LLM for tapir - Chatbot for OSS
In this blog post, I want to share the news that we are working on our custom chatbot to research the usage of LLMs using private data. Tapir documentation is public and in a specialised area, so it is a great challenge for us with possible use cases for the Scala community.
We will now explore why we decided to do so, what steps we took, and the next steps in our quest to improve its quality.
Image generated with Dalle-3
The background story behind the project - what is tapir?
Tapir is a Scala Library for creating type-safe web endpoints. It was created in 2019, and till now, more than 200 people have contributed to its development. It is used by many companies like Adobe, Ocado Technologies, and Swissborg and is actively maintained by SoftwareMill.
The idea behind the chatbot for OSS
In an era where you can see chatbots on almost every corner, we at SoftwareMill decided that we could enhance the user experience of our library to limit lengthy searches through documentation, previous issues, and specialised forums. With properly formed questions, you could get a more comprehensive and well-rounded answer with links to resources which were used to create the answer.

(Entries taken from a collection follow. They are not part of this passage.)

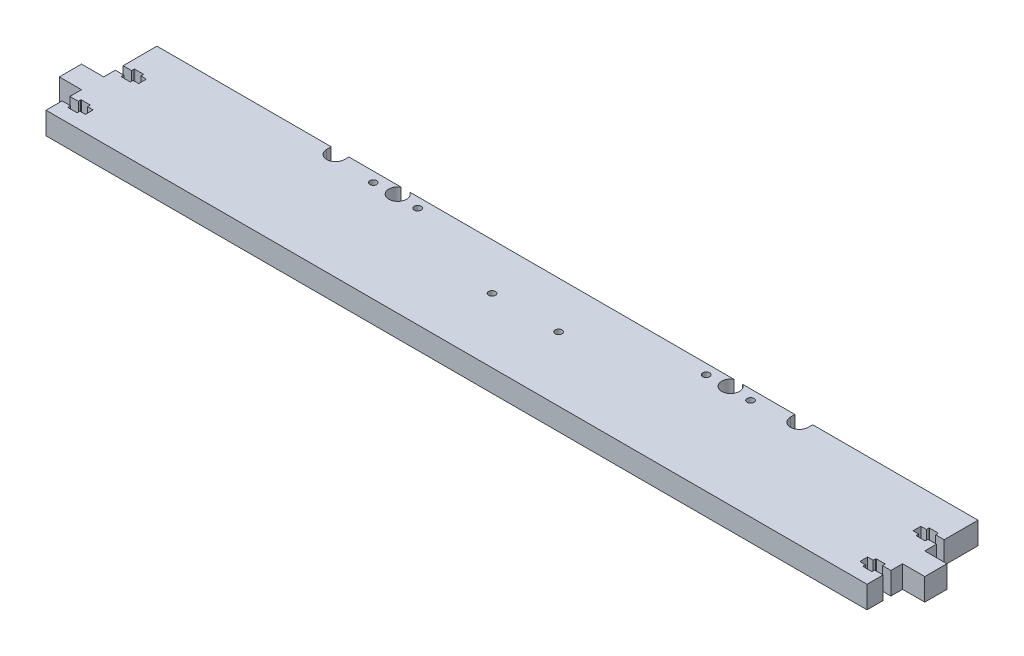
SolidWorks part; units mm, degrees
ref_plane "Front Plane" through (0, 0, 0) normal (0, 0, 1) x (1, 0, 0)
ref_plane "Top Plane" through (0, 0, 0) normal (0, 1, 0) x (1, 0, 0)
ref_plane "Right Plane" through (0, 0, 0) normal (1, 0, 0) x (0, 0, -1)
sketch "Sketch1" plane through (0, 0, 0) normal (0, 1, 0) x (1, 0, 0)
  line L0 (0, 25) -> (0, -25)
  line L1 (-185, 25) -> (0, 25)
  line L2 (-185, 25) -> (-185, -25) construction
  line L3 (-185, -25) -> (0, -25)
  line L4 (-185, -4) -> (-195, -4) construction
  line L5 (-185, 25) -> (0, 0) construction
  line L6 (-185, -25) -> (0, 0) construction
  line L7 (-185, -9) -> (-195, -9)
  line L8 (-195, -9) -> (-195, 1)
  line L9 (-195, 1) -> (-185, 1)
  line L10 (-185, 1) -> (-185, 25)
  line L11 (-185, -9) -> (-185, -25)
  line L47 (0, -25) -> (0, 25) construction
  line L89 (0, -25) -> (0, 25) construction
  point P0 (0, 0)
  dimension "D1" = 185
  dimension "D25" = 25
  dimension "D4" = 50
  dimension "D3" = 21
  dimension "D5" = 10
  dimension "D6" = 10
  dimension "D7" = 5
extrude "MainBody" add sketch "Sketch1" along normal blind 10 contours L3 region at (-93.5428, 0, 0.0428)
sketch "Sketch5" plane through (0, 10, 0) normal (0, 1, 0) x (1, 0, 0)
  line L0 (-185, 8) -> (-174.5, 8) construction
  line L1 (-185, 1) -> (-185, 25) construction
  line L2 (-185, 9.75) -> (-174.5, 9.75) construction
  line L3 (-174.5, 9.75) -> (-174.5, 6.25) construction
  line L4 (-174.5, 6.25) -> (-185, 6.25) construction
  line L5 (-185, 9.75) -> (-181.2, 9.75)
  line L6 (-181.2, 9.75) -> (-181.2, 10.75)
  line L7 (-180.95, 11) -> (-177.25, 11)
  line L8 (-177, 10.75) -> (-177, 9.75)
  line L9 (-177, 9.75) -> (-174.5, 9.75)
  line L10 (-174.5, 9.75) -> (-174.5, 6.25)
  line L11 (-185, 6.25) -> (-185, 9.75)
  line L12 (-195, -9) -> (-195, 1) construction
  line L13 (-185, 6.25) -> (-174.5, 6.25) construction
  line L14 (-177, 6.25) -> (-174.5, 6.25)
  line L15 (-177, 5.25) -> (-177, 6.25)
  line L16 (-180.95, 5) -> (-177.25, 5)
  line L17 (-181.2, 6.25) -> (-181.2, 5.25)
  line L18 (-185, 6.25) -> (-181.2, 6.25)
  line L19 (-185, 1) -> (-185, -9) construction
  line L20 (-195, -4) -> (-185, -4) construction
  line L21 (-195, -9) -> (-195, 1) construction
  line L22 (-185, -14.25) -> (-174.5, -14.25) construction
  line L23 (-174.5, -14.25) -> (-185, -14.25) construction
  line L24 (-174.5, -17.75) -> (-174.5, -14.25) construction
  line L25 (-185, -17.75) -> (-174.5, -17.75) construction
  line L26 (-185, -16) -> (-174.5, -16) construction
  line L27 (-185, -14.25) -> (-181.2, -14.25)
  line L28 (-181.2, -14.25) -> (-181.2, -13.25)
  line L29 (-180.95, -13) -> (-177.25, -13)
  line L30 (-177, -13.25) -> (-177, -14.25)
  line L31 (-177, -14.25) -> (-174.5, -14.25)
  line L32 (-185, -14.25) -> (-185, -17.75)
  line L33 (-174.5, -17.75) -> (-174.5, -14.25)
  line L34 (-177, -17.75) -> (-174.5, -17.75)
  line L35 (-177, -18.75) -> (-177, -17.75)
  line L36 (-180.95, -19) -> (-177.25, -19)
  line L37 (-181.2, -17.75) -> (-181.2, -18.75)
  line L38 (-185, -17.75) -> (-181.2, -17.75)
  line L39 (-185, 6.25) -> (-174.5, 6.25) construction
  arc A0 (-177.25, 11) -> (-177, 10.75) centre (-177.25, 10.75) cw
  arc A1 (-181.2, 10.75) -> (-180.95, 11) centre (-180.95, 10.75) cw
  arc A2 (-181.2, 5.25) -> (-180.95, 5) centre (-180.95, 5.25) ccw
  arc A3 (-177.25, 5) -> (-177, 5.25) centre (-177.25, 5.25) ccw
  arc A4 (-177.25, -13) -> (-177, -13.25) centre (-177.25, -13.25) cw
  arc A5 (-181.2, -13.25) -> (-180.95, -13) centre (-180.95, -13.25) cw
  arc A6 (-181.2, -18.75) -> (-180.95, -19) centre (-180.95, -18.75) ccw
  arc A7 (-177.25, -19) -> (-177, -18.75) centre (-177.25, -18.75) ccw
  point P6 (-195, -4)
  point P17 (-177, 11)
  point P20 (-181.2, 11)
  point P29 (-181.2, 5)
  point P30 (-177, 5)
  point P61 (-177, -13)
  point P62 (-181.2, -13)
  point P63 (-181.2, -19)
  point P64 (-177, -19)
  dimension "D8" = 0.25
  dimension "D1" = 10.5
  dimension "D2" = 1.75
  dimension "D4" = 4.2
  dimension "D5" = 8
  dimension "D6" = 3
  dimension "D7" = 12
extrude "ScrewCutouts" cut sketch "Sketch5" against normal through all
mirror "Mirror1" about plane through (0, 0, 0) normal (1, 0, 0) of "ScrewCutouts", "MainBody"
sketch "Sketch3" plane through (0, 10, 0) normal (0, 1, 0) x (1, 0, 0)
  line L0 (2, 25) -> (2, -25) construction
  line L1 (-185, 25) -> (185, 25) construction
  line L2 (-185, -25) -> (185, -25) construction
  line L3 (-63, 20.5) -> (-83, 20.5) construction
  line L4 (-73, 17.5) -> (-73, 25.5) construction
  line L5 (77, 17.5) -> (77, 25.5) construction
  line L6 (67, 20.5) -> (87, 20.5) construction
  circle A0 centre (-73, 21.5) radius 4
  circle A1 centre (-83, 20.5) radius 1.55
  circle A2 centre (-63, 20.5) radius 1.55
  circle A3 centre (67, 20.5) radius 1.55
  circle A4 centre (87, 20.5) radius 1.55
  circle A5 centre (77, 21.5) radius 4
  dimension "D2" = 8
  dimension "D4" = 3.1
  dimension "D1" = 3.5
  dimension "D5" = 75
  dimension "D6" = 2
  dimension "D3" = 10
  dimension "D7" = 1
extrude "RodCutouts" cut sketch "Sketch3" against normal through all
sketch "Sketch6" plane through (0, 10, 0) normal (0, 1, 0) x (1, 0, 0)
  line L0 (-73, 21.5) -> (77, 21.5) construction
  line L1 (2, 21.5) -> (2, -25) construction
  line L2 (-185, -25) -> (185, -25) construction
  line L3 (17, 4) -> (-13, 4) construction
  line L4 (-71.0635, 25) -> (75.0635, 25) construction
  circle A0 centre (-13, 4) radius 1.55
  circle A1 centre (17, 4) radius 1.55
  point P13 (2, 4)
  dimension "D3" = 21
  dimension "D1" = 3.1
  dimension "D2" = 15
extrude "Cut-Extrude1" cut sketch "Sketch6" against normal through all
sketch "Sketch7" plane through (0, 10, 0) normal (0, 1, 0) x (1, 0, 0)
  line L0 (-73, 21.5) -> (77, 21.5) construction
  line L1 (2, 21.5) -> (2, -25) construction
  line L3 (-102.5, 25) -> (-102.5, 23) construction
  line L4 (-185, 25) -> (-74.9365, 25) construction
  line L5 (-98.5, 25) -> (-98.5, 23)
  line L6 (-106.5, 25) -> (-106.5, 23)
  line L7 (106.5, 25) -> (106.5, 23) construction
  line L8 (102.5, 25) -> (102.5, 23)
  line L9 (110.5, 25) -> (110.5, 23)
  line L12 (-185, -25) -> (185, -25) construction
  arc A0 (-98.5, 25) -> (-106.5, 25) centre (-102.5, 25) ccw
  arc A1 (-106.5, 23) -> (-98.5, 23) centre (-102.5, 23) ccw
  arc A2 (102.5, 25) -> (110.5, 25) centre (106.5, 25) cw
  arc A3 (110.5, 23) -> (102.5, 23) centre (106.5, 23) cw
  point P12 (-102.5, 24)
  point P19 (106.5, 24)
  dimension "D1" = 4
  dimension "D2" = 2
  dimension "D3" = 104.5
extrude "BedAdjustmentScrewCutout" cut sketch "Sketch7" against normal through all
equation "\"Y-ROD-SPACING\"=75"
equation "\"Y-BED-OFFSET\"=2"
equation "\"T-SLOT-NUT-FILLET-RADIUS\"=0.25"
equation "\"T-SLOT-SCREW-SHAFT-RADIUS\"=1.75"
equation "\"T-SLOT-SCREW-SHAFT-CUTOUT-LENGTH\"=10.5"
equation "\"T-SLOT-NUT-DEPTH\"=4.2"
equation "\"T-SLOT-NUT-WIDTH\"=3"
equation "\"T-SLOT-NUT-END-DISTANCE\"=8"
equation "\"ACRYLIC-TAB-CUTOUT-SIZE\"=\"ACRYLIC-THICKNESS\"+\"ACRYLIC-TAB-TOLERANCE\"*2"
equation "\"ACRYLIC-M3-HOLE\"=3.1"
equation "\"D1@Sketch5\"=\"T-SLOT-SCREW-SHAFT-CUTOUT-LENGTH\""
equation "\"D2@Sketch5\"=\"T-SLOT-SCREW-SHAFT-RADIUS\""
equation "\"D4@Sketch5\"=\"T-SLOT-NUT-DEPTH\""
equation "\"D5@Sketch5\"=\"T-SLOT-NUT-END-DISTANCE\""
equation "\"D6@Sketch5\"=\"T-SLOT-NUT-WIDTH\""
equation "\"D8@Sketch5\"=\"T-SLOT-NUT-FILLET-RADIUS\""
equation "\"D4@Sketch3\"=\"ACRYLIC-M3-HOLE\""
equation "\"D5@Sketch3\"=\"Y-ROD-SPACING\""
equation "\"D6@Sketch3\"=\"Y-BED-OFFSET\""
equation "\"Y-BED-ROD-INSET\"=3.5"
equation "\"D1@Sketch3\"=\"Y-BED-ROD-INSET\""
equation "\"SMOOTHROD-CAP-SCREW-DISTANCE\"=20"
equation "\"D3@Sketch3\"=\"SMOOTHROD-CAP-SCREW-DISTANCE\"/2"
equation "\"ACRYLIC-TAB-WIDTH\"=\"ACRYLIC-THICKNESS\""
equation "\"FRAME-WIDTH-INNER\"=370"
equation "\"D6@Sketch1\"=\"ACRYLIC-TAB-WIDTH\""
equation "\"D5@Sketch1\"=\"ACRYLIC-TAB-WIDTH\""
equation "\"D1@Sketch1\"=\"FRAME-WIDTH-INNER\"/2"
equation "\"X-ROD-SPACING\"=45"
equation "\"Z-ROD-SPACING\"=17.5"
equation "\"ACRYLIC-THICKNESS\"=10"
equation "\"ACRYLIC-THICKNESS2\"=4.5"
equation "\"NEMA17-HOLE-SPACING\"=31"
equation "\"NEMA17-CENTRAL-CUTOUT\"=22.5"
equation "\"Z-BRACKET-REACH\"=55"
equation "\"TOP-BRACKET-SPACING\"=40"
equation "\"SMOOTHROD-X-LENGTH\"=350"
equation "\"SMOOTHROD-Y-LENGTH\"=350"
equation "\"SMOOTHROD-Z-LENGTH\"=350"
equation "\"SMOOTHROD-TIGHTENING-HEADROOM\"=.25"
equation "\"LEADSCREW-Z-LENGTH\"=300"
equation "\"SCREW-LENGTH-FRAME\"=\"ACRYLIC-THICKNESS\" + 10"
equation "\"SCREW-HEAD-RADIUS\"=6"
equation "\"PRINTED-X-SMOOTHROD-DIAMETER\"=8.2"
equation "\"PRINTED-X-SMOOTHROD-CUTOUT\"=10"
equation "\"PRINTED-X-BASE-HEIGHT\"=10"
equation "\"PRINTED-LM8UU-CUTOUT-SIZE\"=15.25"
equation "\"PRINTED-LM8UU-CUTOUT-LENGTH\"=24.5"
equation "\"PRINTED-X-IDLER-HEIGHT\"=16"
equation "\"PSU-MOUNTING-WIDTH\"=95"
equation "\"PSU-MOUNTING-HEIGHT\"=177"
equation "\"D1@MainBody\"=\"ACRYLIC-THICKNESS\""
equation "\"D7@Sketch1\"=\"ACRYLIC-TAB-WIDTH\"/2"
equation "\"D1@Sketch6\"=\"ACRYLIC-M3-HOLE\""
equation "\"Y-BELT-TO-ROD-DISTANCE\"=20"
equation "\"Y-BED-SCREW-SPACING\"=209"
equation "\"Z-ROD-INSET\"=16"
equation "\"SPOOL-HOLDER-ROD-SPACING\"=150"
equation "\"D3@Sketch7\"=\"Y-BED-SCREW-SPACING\"/2"
equation "\"Y-BED-SCREW-CUTOUT-SLOT-HEIGHT\"=2"
equation "\"D2@Sketch7\"=\"Y-BED-SCREW-CUTOUT-SLOT-HEIGHT\""
equation "\"ACRYLIC-TAB-TOLERANCE\"=.1"
equation "\"SCREW-LENGTH-MOTOR\"=\"ACRYLIC-THICKNESS\" + 5"
equation "\"SCREW-LENGTH-EXTRUDER\"=28"
equation "\"PRINTED-M3-HOLE\"=3.5"
equation "\"ACRYLIC-X-CARRIAGE-WIDTH\"=55"
equation "\"ACRYLIC-X-CARRIAGE-HEIGHT\"=75"
equation "\"ACRYLIC-X-CARRIAGE-LM8UU-CUTOUT-WIDTH\"=24.25"
equation "\"ACRYLIC-X-CARRIAGE-LM8UU-CUTOUT-HEIGHT\"=11.5"
equation "\"ACRYLIC-X-CARRIAGE-SCREW-SPACING-X\"=15"
equation "\"ACRYLIC-X-CARRIAGE-SCREW-SPACING-Y\"=33"
equation "\"ACRYLIC-X-CARRIAGE-CENTER-TAB-SPACING\"=14"
equation "\"ACRYLIC-X-CARRIAGE-EXTRUDER-OFFSET\"=26"
equation "\"ACRYLIC-X-CARRIAGE-EXTRUDER-ANGLE\"=90"
equation "\"ACRYLIC-X-CARRIAGE-EXTRUDER-SHELF-DEPTH\"=\"ACRYLIC-X-CARRIAGE-EXTRUDER-OFFSET\" + 28"
equation "\"ACRYLIC-X-CARRIAGE-EXTRUDER-BRACE-SPACING\"=23"
equation "\"ACRYLIC-X-CARRIAGE-EXTRUDER-BRACE-TAB-OFFSET\"=20"
equation "\"ACRYLIC-X-CARRIAGE-EXTRUDER-BRACE-HEIGHT\"=35"
equation "\"ACRYLIC-X-CARRIAGE-EXTRUDER-BRACE-SCREW-SPACING\"=22"
equation "\"ACRYLIC-X-CARRIAGE-DUAL-WIDTH-MULTIPLIER\"=1.65"
equation "\"ACRYLIC-X-CARRIAGE-DUAL-HOTEND-SPACING\"=42"
equation "\"ACRYLIC-X-CARRIAGE-DUAL-WIDTH\"=103"
equation "\"ACRYLIC-X-CARRIAGE-DUAL-HOTEND-SEPARATION\"=35"
equation "\"ACRYLIC-X-CARRIAGE-DUAL-MOUNT-PLATE-DEPTH\"=76"
equation "\"ACRYLIC-X-CARRIAGE-DUAL-MOUNT-BRACE-WIDTH\"=45"
equation "\"ACRYLIC-X-CARRIAGE-DUAL-MOUNT-SCREW-WIDTH\"=40"
equation "\"BLOWER-FAN-WIDTH\"=15"

The reported level of programming language knowledge for GPT-4 (response from chatbot)
Scala's knowledge level for Out-of-the-box chatGPT is lower than other languages, i.e., Python. Even if it can understand good practices of Scala code, it is still limited to everything on the internet and optimised to the general purpose, not specialised to single libraries, like Tapir. In comparison, we want to focus only on this area. We saw that there is a similar solution for Zio, but unfortunately, we could not find out what the inner mechanisms and quality look like. Within this series of blog posts, we will present more about how we managed to create it, how we improved it, and what we learned along the way.
Steps for improvement of our chatbot
As a baseline solution for our Q&A project, we used Retrieval Augmented Generation architecture. It consists of two parts: one providing context (using Langchain framework) and the other part responsible for text generation (databricks/dolly-v2-3b LLM). After that, we decided that we needed to operate in the following steps:
- Focus on document retrieval
To properly generate answers to the question, it is crucial to provide a text generation model with the right passages from the text when generating the answer. Without that, there is a low chance that the answer will be helpful as our niche is quite specialised and the library's name could be mistaken with an animal from Asia. - Improve on answer generation
With a large number of LLMs (i.e. Mistral, Falcon, LLAMA), it is crucial to choose the best for your use case. Additionally, you might get more favourable answers when you use the right prompt for the chosen model or even finetune the dataset on your target domain. - Incorporate user’s feedback
As we can easily access experts in Scala and tapir, we can incorporate users' feedback in a more automated fashion, either in defining the model's current shortcomings or automatically enriching the dataset.
Wrap up
In this blog post, we gave you insight into our ongoing project for Tapir with the usage of LLMs, explaining briefly what Tapir is, where the idea for such an application came from, and finally, what the steps are in improving our solution.
In the next blog posts, we will give more insight into each improvement step, giving you more hands-on examples.